● **EXERCISE AIM**
All of the data that follows should be retyped exactly, please, except the pictures.

::::::::

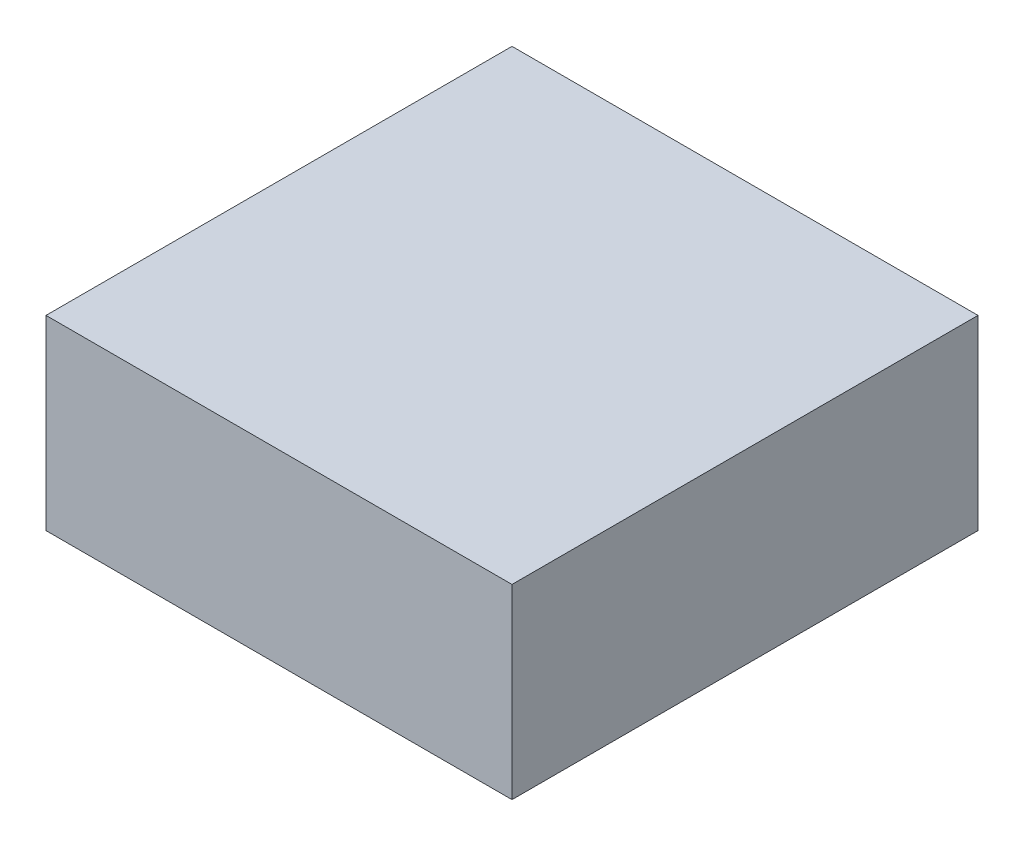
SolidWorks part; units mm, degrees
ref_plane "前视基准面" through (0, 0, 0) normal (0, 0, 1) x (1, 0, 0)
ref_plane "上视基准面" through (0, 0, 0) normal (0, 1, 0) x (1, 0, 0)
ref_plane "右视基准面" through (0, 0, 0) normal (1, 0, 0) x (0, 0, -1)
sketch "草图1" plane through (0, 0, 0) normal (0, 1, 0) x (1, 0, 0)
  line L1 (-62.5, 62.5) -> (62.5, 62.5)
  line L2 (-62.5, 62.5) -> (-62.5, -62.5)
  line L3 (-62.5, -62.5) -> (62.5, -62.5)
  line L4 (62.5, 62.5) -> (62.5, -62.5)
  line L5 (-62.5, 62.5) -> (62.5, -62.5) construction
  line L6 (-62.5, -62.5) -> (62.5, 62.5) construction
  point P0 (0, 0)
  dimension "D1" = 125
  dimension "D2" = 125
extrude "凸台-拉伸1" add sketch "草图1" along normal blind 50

::::::::

● **ANSWER BOX**
SolidWorks part; units mm, degrees
ref_plane "前视基准面" through (0, 0, 0) normal (0, 0, 1) x (1, 0, 0)
ref_plane "上视基准面" through (0, 0, 0) normal (0, 1, 0) x (1, 0, 0)
ref_plane "右视基准面" through (0, 0, 0) normal (1, 0, 0) x (0, 0, -1)
sketch "草图1" plane through (0, 0, 0) normal (0, 1, 0) x (1, 0, 0)
  line L1 (-62.5, 62.5) -> (62.5, 62.5)
  line L2 (-62.5, 62.5) -> (-62.5, -62.5)
  line L3 (-62.5, -62.5) -> (62.5, -62.5)
  line L4 (62.5, 62.5) -> (62.5, -62.5)
  line L5 (-62.5, 62.5) -> (62.5, -62.5) construction
  line L6 (-62.5, -62.5) -> (62.5, 62.5) construction
  point P0 (0, 0)
  dimension "D1" = 125
  dimension "D2" = 125
extrude "凸台-拉伸1" add sketch "草图1" along normal blind 50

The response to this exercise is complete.